# Fritzbox 7390 Wlangeräte sehen Langeräte nicht?!



## HaNg_MaN (21. Januar 2012)

*Fritzbox 7390 Wlangeräte sehen Langeräte nicht?!*

Hi,
wie die überschrift beschreibt habe ich das Problem das meine Wlanteilnehmer meine Lanteilnehmer nicht erreichen.
Seit einiger Zeit habe ich das beschriebene Problem ohne etwas an der bestehenden Konfiguration im Heimnetz was zu ändern(bis auf Windows Updates).
Wer den Ticketverlauf nicht lesen will hier die kurzform:
LAN PC -->kann auf LAN NAS zugreifen
LAN PC --> kann auf WLan Drucker nicht zugreifen
WLan Laptop--> kann auf LAN NAS nicht zugreifen
Wlan Laptop--> kann auf WLan Drucker zugreifen
Wlan Laptop--> kann auf Wlan Laptop 2 zugreifen

alle Rechner mit Windows 7 home Premium 64 bit und in der gleichen Homegroup.
Meine PC/Netzwerkkentnisse schätze ich als gut ein.

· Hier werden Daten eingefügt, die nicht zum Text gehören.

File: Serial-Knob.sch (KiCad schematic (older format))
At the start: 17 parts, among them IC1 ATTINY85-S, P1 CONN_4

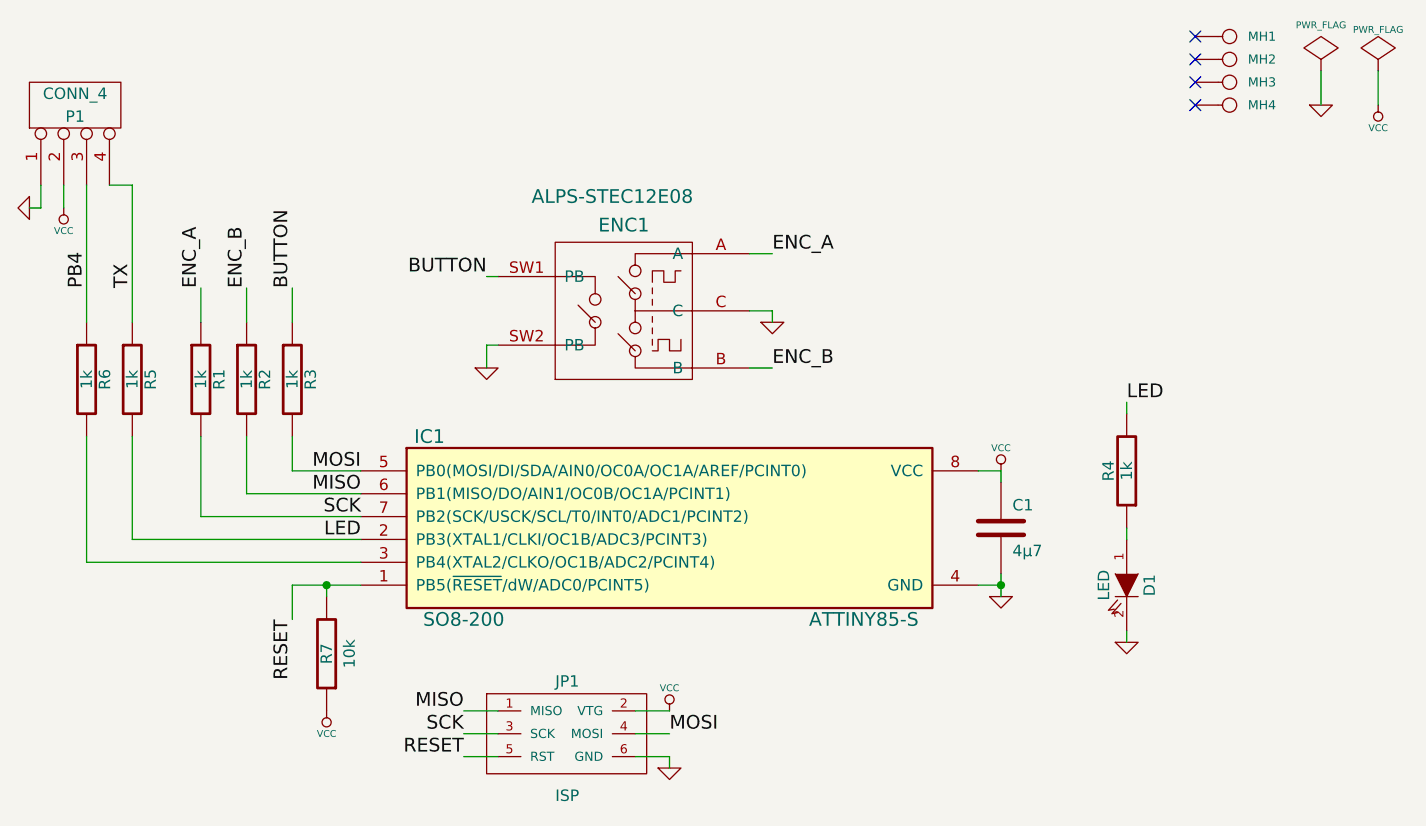
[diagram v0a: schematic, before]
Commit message: Changed all vias to 0.65/0.35 + moved to 1206 resistor packs (4x).
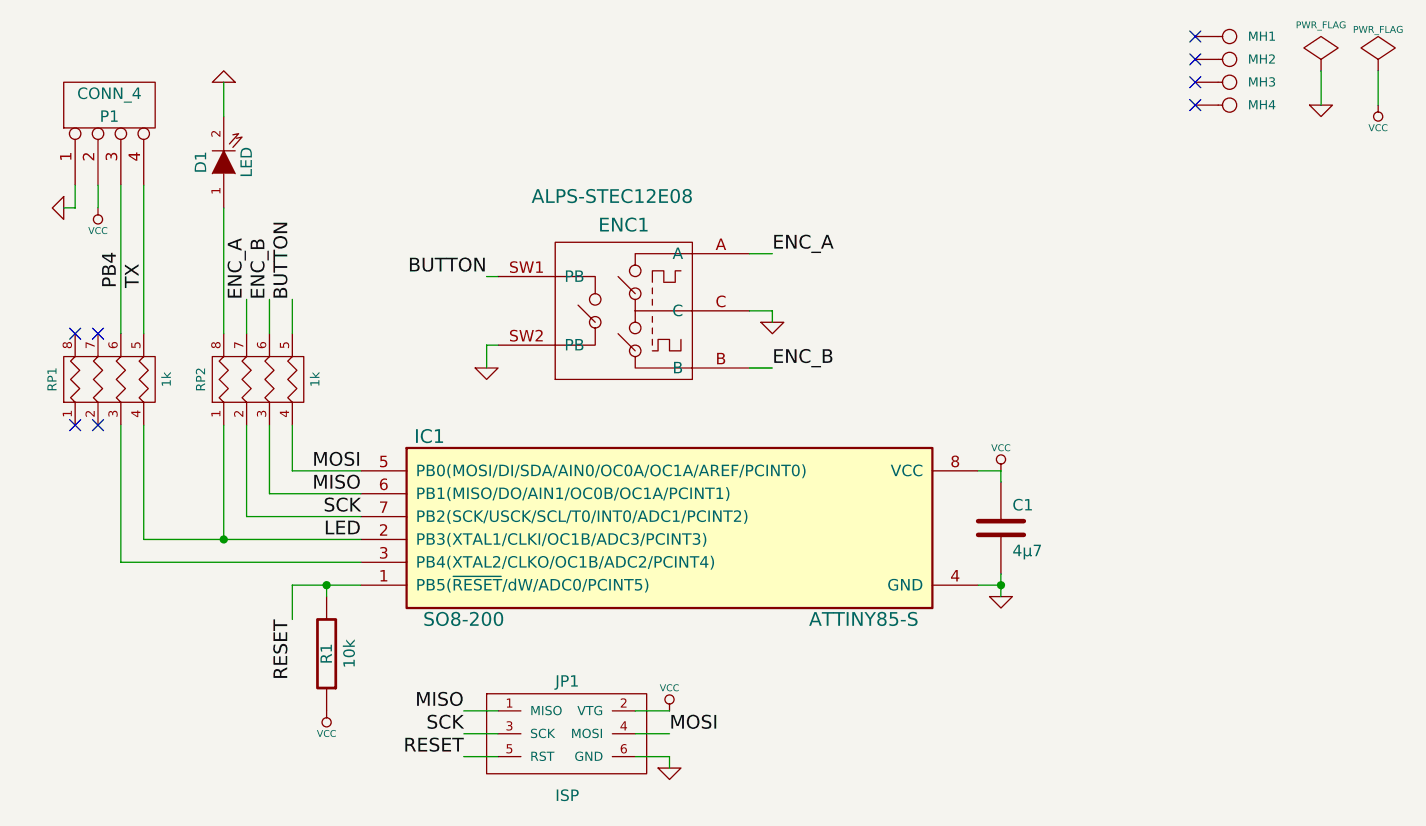
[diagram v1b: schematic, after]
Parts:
- removed R1, R2, R3, R4, R5, R6: 1k, symbol R
- added RP1, RP2: 1k, symbol R_PACK4
- renumbered R7 to R1
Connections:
- net BUTTON: now also RP2.5 (R4)
- net ENC_A: now also RP2.7 (R2)
- net ENC_B: now also RP2.6 (R3)
- net LED: now also RP1.4 (P4), RP2.1 (P1)
- net MISO: now also RP2.3 (P3)
- net MOSI: now also RP2.4 (P4)
- net PB4: now also RP1.6 (R3)
- net SCK: now also RP2.2 (P2)
- net TX: now also RP1.5 (R4)
- net at D1.1 (A): now also RP2.8 (R1)
- net at IC1.3 (PB4(XTAL2/CLKO/OC1B/ADC2/PCINT4)): now also RP1.3 (P3)
- no-connect marks 4 -> 8
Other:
- moved on the sheet: D1, P1
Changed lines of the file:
@@
-EESchema Schematic File Version 2  date Wed 27 Feb 2013 09:12:17 AM CET
+EESchema Schematic File Version 2  date Fri 01 Mar 2013 09:15:15 AM CET
 LIBS:my_parts
 LIBS:power
@@
 Sheet 1 1
 Title "Serial Knob - a.k.a. \"The Knob\""
-Date "23 feb 2013"
-Rev "0.1"
+Date "1 mar 2013"
+Rev "0.2"
 Comp "2013 - blog.spitzenpfeil.org"
 Comment1 ""
@@
 	1    0    0    -1
 $EndComp
-Text Label 2200 1950 1    60   ~ 0
+Text Label 2400 2000 1    60   ~ 0
 ENC_A
-Text Label 2400 1950 1    60   ~ 0
+Text Label 2500 2000 1    60   ~ 0
 ENC_B
-Text Label 2600 1950 1    60   ~ 0
+Text Label 2600 2000 1    60   ~ 0
 BUTTON
 $Comp
@@
 $EndComp
 $Comp
-L R R7
+L R R1
 U 1 1 4F6EC6DD
 P 2750 3550
-F 0 "R7" V 2750 3550 50  0000 C CNN
+F 0 "R1" V 2750 3550 50  0000 C CNN
 F 1 "10k" V 2650 3550 50  0000 C CNN
 F 2 "" H 2750 3550 60  0001 C CNN
@@
 $EndComp
 Connection ~ 2750 3250
-Wire Wire Line
-	2400 2850 2900 2850
-Wire Wire Line
-	2200 2950 2900 2950
 Wire Wire Line
 	2600 3250 2900 3250
@@
 L LED D1
 U 1 1 50EDA6CA
-P 6250 3250
-F 0 "D1" H 6250 3350 50  0000 C CNN
-F 1 "LED" H 6250 3150 50  0000 C CNN
-F 2 "" H 6250 3250 60  0001 C CNN
-F 3 "" H 6250 3250 60  0001 C CNN
-	1    6250 3250
-	0    1    1    0
+P 2300 1400
+F 0 "D1" H 2300 1500 50  0000 C CNN
+F 1 "LED" H 2300 1300 50  0000 C CNN
+F 2 "" H 2300 1400 60  0001 C CNN
+F 3 "" H 2300 1400 60  0001 C CNN
+	1    2300 1400
+	0    -1   -1   0
 $EndComp
 $Comp
 L GND #PWR06
-U 1 1 50EDA6D9
-P 6250 3500
-F 0 "#PWR06" H 6250 3500 30  0001 C CNN
-F 1 "GND" H 6250 3430 30  0001 C CNN
-F 2 "" H 6250 3500 60  0001 C CNN
-F 3 "" H 6250 3500 60  0001 C CNN
-	1    6250 3500
-	1    0    0    -1
-$EndComp
-$Comp
-L R R4
-U 1 1 50EDA6E8
-P 6250 2750
-F 0 "R4" V 6330 2750 50  0000 C CNN
-F 1 "1k" V 6250 2750 50  0000 C CNN
-F 2 "" H 6250 2750 60  0001 C CNN
-F 3 "" H 6250 2750 60  0001 C CNN
-	1    6250 2750
-	-1   0    0    1
-$EndComp
-Wire Wire Line
-	6250 3450 6250 3500
-Wire Wire Line
-	6250 3050 6250 3000
-Wire Wire Line
-	6250 2450 6250 2500
-$Comp
-L GND #PWR07
 U 1 1 50FE45EC
 P 3450 2300
-F 0 "#PWR07" H 3450 2300 30  0001 C CNN
+F 0 "#PWR06" H 3450 2300 30  0001 C CNN
 F 1 "GND" H 3450 2230 30  0001 C CNN
 F 2 "" H 3450 2300 60  0001 C CNN
@@
 	4700 2050 4700 2100
 $Comp
-L GND #PWR08
+L GND #PWR07
 U 1 1 50FE464A
 P 4700 2100
-F 0 "#PWR08" H 4700 2100 30  0001 C CNN
+F 0 "#PWR07" H 4700 2100 30  0001 C CNN
 F 1 "GND" H 4700 2030 30  0001 C CNN
 F 2 "" H 4700 2100 60  0001 C CNN
@@
 Text Label 3450 1900 2    60   ~ 0
 BUTTON
-$Comp
-L R R1
-U 1 1 50FE472E
-P 2200 2350
-F 0 "R1" V 2280 2350 50  0000 C CNN
-F 1 "1k" V 2200 2350 50  0000 C CNN
-F 2 "" H 2200 2350 60  0001 C CNN
-F 3 "" H 2200 2350 60  0001 C CNN
-	1    2200 2350
-	1    0    0    -1
-$EndComp
-$Comp
-L R R2
-U 1 1 50FE473D
-P 2400 2350
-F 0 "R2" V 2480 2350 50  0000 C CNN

Nach Fritzbox neustart alles wieder i.o(jeder kann mit jeden kommunizieren), nach 3min - 7 Tage Fehler ist wieder da.
Überall neuste Netzwerkreiber drauf, NAS mit neuster Firmeware und Fritzbox mit aktueller Laborfrimware(aktuelle sichere Firmware macht die Fehler auch)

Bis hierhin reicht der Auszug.